NOC also called for the support of local and national stakeholders to secure oil sector facilities and staff, underlining the need for a unified national security apparatus.
As OPEC members weigh oil production cuts in early 2019 to keep prices from falling amid a potential oversupply, Libya, like Nigeria, hopes for an exemption because of soaring violence.
Libya’s output has skyrocketed in the latter half of the year to its highest level in more than five years, reaching 1.28 million barrels per day (bpd).
The North African country of 6.4 million has been struggling to restore stability and rebuild its energy industry since its 2011 revolution that ousted long-time leader Moammar Gadhafi.
Last week, General Khalifa Haftar, the charismatic leader in control of the country’s eastern government in Tobruk, and Prime Minister Fayyez Serraj of the rival Government of National Accord (GNA) in the western city of Tripoli, agreed to support a UN plan to hold elections in early 2019.
The GNA is Libya’s internationally-recognized government while Haftar’s government is supported by some Arab countries and a number of militia groups.
UN Special Representative for Libya Ghassan Salame has told the Security Council that a national conference will be convened at the start of 2019 to “create a space for Libyans to crystallize their vision for the transition” stalled due to spiral violence and fighting between warring factions over power.

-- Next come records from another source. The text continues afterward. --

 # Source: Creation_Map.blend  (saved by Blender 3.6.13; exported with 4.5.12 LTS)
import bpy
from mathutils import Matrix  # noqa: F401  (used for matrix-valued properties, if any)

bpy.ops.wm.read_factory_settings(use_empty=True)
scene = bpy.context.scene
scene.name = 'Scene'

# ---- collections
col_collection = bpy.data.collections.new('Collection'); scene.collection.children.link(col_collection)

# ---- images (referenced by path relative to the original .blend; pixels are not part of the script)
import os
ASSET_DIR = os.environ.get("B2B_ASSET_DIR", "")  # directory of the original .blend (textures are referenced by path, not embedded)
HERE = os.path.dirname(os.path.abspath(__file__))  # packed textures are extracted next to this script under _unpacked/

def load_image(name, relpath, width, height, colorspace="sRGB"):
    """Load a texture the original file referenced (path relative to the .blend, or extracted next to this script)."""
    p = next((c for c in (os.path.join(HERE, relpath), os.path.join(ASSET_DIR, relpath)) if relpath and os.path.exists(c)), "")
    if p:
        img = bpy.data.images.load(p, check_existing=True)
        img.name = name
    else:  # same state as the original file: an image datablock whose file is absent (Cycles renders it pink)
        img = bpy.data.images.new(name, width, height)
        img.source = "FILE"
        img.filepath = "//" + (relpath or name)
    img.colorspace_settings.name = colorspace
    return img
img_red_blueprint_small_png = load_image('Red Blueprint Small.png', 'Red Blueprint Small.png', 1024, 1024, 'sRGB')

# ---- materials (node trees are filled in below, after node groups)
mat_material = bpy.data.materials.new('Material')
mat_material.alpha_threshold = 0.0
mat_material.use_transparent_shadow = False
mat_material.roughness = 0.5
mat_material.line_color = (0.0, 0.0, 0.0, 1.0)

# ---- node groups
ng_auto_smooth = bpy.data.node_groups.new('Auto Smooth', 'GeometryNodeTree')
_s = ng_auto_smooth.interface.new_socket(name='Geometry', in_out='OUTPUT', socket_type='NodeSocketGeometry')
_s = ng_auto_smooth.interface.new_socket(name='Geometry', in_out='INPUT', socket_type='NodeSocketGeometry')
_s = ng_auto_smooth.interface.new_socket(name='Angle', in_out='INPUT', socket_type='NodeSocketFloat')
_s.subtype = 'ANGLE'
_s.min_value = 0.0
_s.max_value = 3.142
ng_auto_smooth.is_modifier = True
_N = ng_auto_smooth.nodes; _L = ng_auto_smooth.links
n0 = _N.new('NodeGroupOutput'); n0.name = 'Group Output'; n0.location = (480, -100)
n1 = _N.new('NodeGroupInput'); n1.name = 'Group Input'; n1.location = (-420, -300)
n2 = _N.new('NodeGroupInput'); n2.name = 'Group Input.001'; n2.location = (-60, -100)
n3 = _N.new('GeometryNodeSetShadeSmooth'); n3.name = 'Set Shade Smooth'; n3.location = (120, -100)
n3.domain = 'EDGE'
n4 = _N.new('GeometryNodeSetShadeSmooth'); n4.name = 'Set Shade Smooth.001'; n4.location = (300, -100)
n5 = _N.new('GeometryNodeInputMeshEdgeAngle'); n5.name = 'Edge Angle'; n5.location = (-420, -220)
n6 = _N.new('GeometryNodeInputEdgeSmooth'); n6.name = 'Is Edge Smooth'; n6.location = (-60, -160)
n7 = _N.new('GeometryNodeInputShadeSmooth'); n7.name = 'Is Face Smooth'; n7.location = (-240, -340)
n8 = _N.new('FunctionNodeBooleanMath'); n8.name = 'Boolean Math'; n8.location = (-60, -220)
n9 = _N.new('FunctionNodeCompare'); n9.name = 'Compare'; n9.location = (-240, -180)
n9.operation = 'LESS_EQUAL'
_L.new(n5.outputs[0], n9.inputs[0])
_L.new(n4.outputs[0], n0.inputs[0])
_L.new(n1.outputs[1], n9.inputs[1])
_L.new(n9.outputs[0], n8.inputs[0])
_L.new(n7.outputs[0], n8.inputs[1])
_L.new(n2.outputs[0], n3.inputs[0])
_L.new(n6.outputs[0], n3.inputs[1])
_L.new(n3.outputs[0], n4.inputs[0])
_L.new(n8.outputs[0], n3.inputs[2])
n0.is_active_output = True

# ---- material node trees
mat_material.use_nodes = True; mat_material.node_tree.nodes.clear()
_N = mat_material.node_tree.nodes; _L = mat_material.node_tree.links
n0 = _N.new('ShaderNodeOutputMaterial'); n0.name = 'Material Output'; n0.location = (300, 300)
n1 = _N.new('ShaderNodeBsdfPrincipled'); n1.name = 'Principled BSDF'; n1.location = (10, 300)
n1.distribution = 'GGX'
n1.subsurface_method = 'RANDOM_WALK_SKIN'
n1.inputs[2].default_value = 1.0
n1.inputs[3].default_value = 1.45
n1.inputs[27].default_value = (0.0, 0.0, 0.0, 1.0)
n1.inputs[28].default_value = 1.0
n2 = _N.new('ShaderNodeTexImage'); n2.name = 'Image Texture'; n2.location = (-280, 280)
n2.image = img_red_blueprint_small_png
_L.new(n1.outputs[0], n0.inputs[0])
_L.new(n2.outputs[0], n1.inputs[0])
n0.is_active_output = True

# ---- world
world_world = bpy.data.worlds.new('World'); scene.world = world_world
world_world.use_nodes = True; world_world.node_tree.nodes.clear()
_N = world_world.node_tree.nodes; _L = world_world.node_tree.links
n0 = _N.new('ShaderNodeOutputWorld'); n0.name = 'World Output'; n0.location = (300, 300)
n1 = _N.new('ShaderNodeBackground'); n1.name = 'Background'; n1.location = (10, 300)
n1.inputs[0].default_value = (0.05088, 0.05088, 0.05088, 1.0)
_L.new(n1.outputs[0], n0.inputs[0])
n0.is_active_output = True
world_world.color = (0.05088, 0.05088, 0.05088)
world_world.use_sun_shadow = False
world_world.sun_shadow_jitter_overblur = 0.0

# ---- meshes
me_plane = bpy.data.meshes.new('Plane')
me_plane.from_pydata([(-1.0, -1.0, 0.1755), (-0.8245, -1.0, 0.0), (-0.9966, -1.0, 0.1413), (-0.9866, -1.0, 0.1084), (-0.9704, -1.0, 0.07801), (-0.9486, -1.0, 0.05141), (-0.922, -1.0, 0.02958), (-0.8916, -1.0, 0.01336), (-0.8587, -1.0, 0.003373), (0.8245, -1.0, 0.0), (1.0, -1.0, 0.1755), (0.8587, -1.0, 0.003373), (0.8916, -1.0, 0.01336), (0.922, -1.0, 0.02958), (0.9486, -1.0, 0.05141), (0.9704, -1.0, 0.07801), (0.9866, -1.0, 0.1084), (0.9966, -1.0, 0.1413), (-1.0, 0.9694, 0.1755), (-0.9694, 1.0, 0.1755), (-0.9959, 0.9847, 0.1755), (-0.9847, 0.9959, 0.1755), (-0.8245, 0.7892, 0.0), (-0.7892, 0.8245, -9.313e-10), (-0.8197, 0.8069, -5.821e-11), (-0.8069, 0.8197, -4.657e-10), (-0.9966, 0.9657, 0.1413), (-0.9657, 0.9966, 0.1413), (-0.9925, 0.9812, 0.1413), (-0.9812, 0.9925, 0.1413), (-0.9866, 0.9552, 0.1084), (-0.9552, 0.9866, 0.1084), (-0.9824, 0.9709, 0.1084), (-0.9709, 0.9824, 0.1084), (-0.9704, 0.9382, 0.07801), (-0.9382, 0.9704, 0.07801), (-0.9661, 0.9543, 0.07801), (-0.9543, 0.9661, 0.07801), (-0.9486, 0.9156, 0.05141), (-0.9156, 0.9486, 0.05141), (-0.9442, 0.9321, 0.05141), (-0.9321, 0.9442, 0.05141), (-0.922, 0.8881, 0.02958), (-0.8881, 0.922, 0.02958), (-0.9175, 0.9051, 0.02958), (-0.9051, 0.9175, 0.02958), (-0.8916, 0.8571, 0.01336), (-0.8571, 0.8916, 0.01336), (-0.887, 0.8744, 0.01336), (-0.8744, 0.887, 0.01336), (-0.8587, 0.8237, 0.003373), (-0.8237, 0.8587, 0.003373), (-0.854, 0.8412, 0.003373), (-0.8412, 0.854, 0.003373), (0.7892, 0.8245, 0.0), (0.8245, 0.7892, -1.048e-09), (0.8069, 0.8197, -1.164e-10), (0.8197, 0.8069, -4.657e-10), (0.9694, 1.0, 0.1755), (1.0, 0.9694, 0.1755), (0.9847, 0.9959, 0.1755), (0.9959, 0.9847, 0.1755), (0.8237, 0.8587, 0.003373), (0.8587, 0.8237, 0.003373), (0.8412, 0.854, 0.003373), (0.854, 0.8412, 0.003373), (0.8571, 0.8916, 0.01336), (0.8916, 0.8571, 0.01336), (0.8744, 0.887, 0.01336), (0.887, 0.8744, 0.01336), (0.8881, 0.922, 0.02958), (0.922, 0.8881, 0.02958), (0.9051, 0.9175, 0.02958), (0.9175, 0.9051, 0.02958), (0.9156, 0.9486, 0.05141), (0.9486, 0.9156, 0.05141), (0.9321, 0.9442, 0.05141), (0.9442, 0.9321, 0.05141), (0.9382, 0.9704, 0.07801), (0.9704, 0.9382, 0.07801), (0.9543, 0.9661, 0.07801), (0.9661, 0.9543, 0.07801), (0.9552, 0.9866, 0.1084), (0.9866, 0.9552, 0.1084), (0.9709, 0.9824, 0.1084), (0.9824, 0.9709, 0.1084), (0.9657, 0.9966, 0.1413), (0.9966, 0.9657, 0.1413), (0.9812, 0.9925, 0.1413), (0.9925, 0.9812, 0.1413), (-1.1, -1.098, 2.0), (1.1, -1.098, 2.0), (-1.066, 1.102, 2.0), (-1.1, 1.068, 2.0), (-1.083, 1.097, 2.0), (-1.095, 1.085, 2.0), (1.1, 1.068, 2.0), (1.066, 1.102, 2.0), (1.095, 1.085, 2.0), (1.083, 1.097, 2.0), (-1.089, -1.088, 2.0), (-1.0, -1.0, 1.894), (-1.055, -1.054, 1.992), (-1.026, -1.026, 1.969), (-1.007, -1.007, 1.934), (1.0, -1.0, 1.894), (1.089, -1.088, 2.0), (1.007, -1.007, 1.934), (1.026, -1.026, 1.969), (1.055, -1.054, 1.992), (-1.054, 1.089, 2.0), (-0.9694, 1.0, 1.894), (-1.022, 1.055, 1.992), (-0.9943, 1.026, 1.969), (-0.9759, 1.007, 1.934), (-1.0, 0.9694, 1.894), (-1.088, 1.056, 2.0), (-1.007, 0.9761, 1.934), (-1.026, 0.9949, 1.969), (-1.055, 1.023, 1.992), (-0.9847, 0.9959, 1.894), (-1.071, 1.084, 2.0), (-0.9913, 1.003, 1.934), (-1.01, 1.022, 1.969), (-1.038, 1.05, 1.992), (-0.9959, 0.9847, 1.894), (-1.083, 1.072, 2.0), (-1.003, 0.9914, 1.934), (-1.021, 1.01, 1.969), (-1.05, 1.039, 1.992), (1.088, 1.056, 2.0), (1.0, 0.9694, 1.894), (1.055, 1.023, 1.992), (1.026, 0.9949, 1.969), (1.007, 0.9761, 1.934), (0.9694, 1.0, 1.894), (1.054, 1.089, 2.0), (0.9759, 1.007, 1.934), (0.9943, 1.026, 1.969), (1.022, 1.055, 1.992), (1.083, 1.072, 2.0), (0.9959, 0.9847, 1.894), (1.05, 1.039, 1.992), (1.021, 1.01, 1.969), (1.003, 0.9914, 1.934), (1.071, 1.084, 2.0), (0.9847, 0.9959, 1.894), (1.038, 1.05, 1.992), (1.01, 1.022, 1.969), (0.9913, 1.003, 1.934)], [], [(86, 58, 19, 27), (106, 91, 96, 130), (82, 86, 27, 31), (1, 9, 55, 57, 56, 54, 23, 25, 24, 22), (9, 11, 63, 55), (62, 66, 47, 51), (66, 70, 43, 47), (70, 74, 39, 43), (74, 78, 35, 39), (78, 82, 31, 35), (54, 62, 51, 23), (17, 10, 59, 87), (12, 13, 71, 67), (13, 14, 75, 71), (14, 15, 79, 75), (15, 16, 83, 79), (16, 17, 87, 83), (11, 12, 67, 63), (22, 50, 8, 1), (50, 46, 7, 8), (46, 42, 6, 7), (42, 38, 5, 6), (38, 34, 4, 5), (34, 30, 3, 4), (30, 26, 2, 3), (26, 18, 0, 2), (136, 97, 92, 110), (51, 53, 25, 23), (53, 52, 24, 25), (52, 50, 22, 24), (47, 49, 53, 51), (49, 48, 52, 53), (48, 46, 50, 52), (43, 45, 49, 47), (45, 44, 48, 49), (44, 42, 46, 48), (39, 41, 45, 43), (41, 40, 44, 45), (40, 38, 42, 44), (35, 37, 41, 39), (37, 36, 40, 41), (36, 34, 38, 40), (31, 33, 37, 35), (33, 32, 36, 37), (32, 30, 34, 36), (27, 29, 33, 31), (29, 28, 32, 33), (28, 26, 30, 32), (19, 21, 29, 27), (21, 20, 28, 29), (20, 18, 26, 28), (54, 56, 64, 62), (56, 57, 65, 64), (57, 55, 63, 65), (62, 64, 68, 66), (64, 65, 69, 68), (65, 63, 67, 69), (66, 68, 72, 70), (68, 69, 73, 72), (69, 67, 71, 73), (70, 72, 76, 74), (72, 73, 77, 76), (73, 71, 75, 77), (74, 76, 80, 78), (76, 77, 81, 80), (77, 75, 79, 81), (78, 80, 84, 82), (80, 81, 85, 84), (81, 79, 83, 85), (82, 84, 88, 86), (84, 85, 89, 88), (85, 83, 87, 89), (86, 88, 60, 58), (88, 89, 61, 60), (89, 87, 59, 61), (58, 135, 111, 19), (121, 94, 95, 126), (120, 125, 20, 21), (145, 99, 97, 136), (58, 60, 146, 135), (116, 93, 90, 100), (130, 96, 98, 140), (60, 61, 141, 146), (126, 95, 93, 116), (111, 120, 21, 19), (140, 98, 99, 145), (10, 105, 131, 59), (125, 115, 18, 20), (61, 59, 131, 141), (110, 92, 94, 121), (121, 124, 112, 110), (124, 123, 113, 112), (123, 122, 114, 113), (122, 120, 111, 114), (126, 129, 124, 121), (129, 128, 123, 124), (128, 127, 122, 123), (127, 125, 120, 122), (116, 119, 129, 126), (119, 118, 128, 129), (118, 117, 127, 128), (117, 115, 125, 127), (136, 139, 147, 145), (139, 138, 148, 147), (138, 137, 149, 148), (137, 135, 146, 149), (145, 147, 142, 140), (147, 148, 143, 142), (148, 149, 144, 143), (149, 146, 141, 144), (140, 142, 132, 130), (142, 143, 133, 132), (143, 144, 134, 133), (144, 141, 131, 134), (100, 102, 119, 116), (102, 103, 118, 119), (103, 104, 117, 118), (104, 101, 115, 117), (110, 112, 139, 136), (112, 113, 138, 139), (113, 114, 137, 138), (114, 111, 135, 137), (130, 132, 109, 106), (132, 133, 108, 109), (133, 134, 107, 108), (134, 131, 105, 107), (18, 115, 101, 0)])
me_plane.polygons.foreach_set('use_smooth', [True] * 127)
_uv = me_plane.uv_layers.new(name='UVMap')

Last week, the Italian government organized in Palermo an international conference to advance the UN-sponsored stabilization process for Libya.
The UN plan to stabilize Libya calls for organizing a Libyan national conference that would discuss the creation of reliable and transparent political institutions, redistribution of oil revenues, unification of financial institutions, and restructuring and unification of the Libyan national army.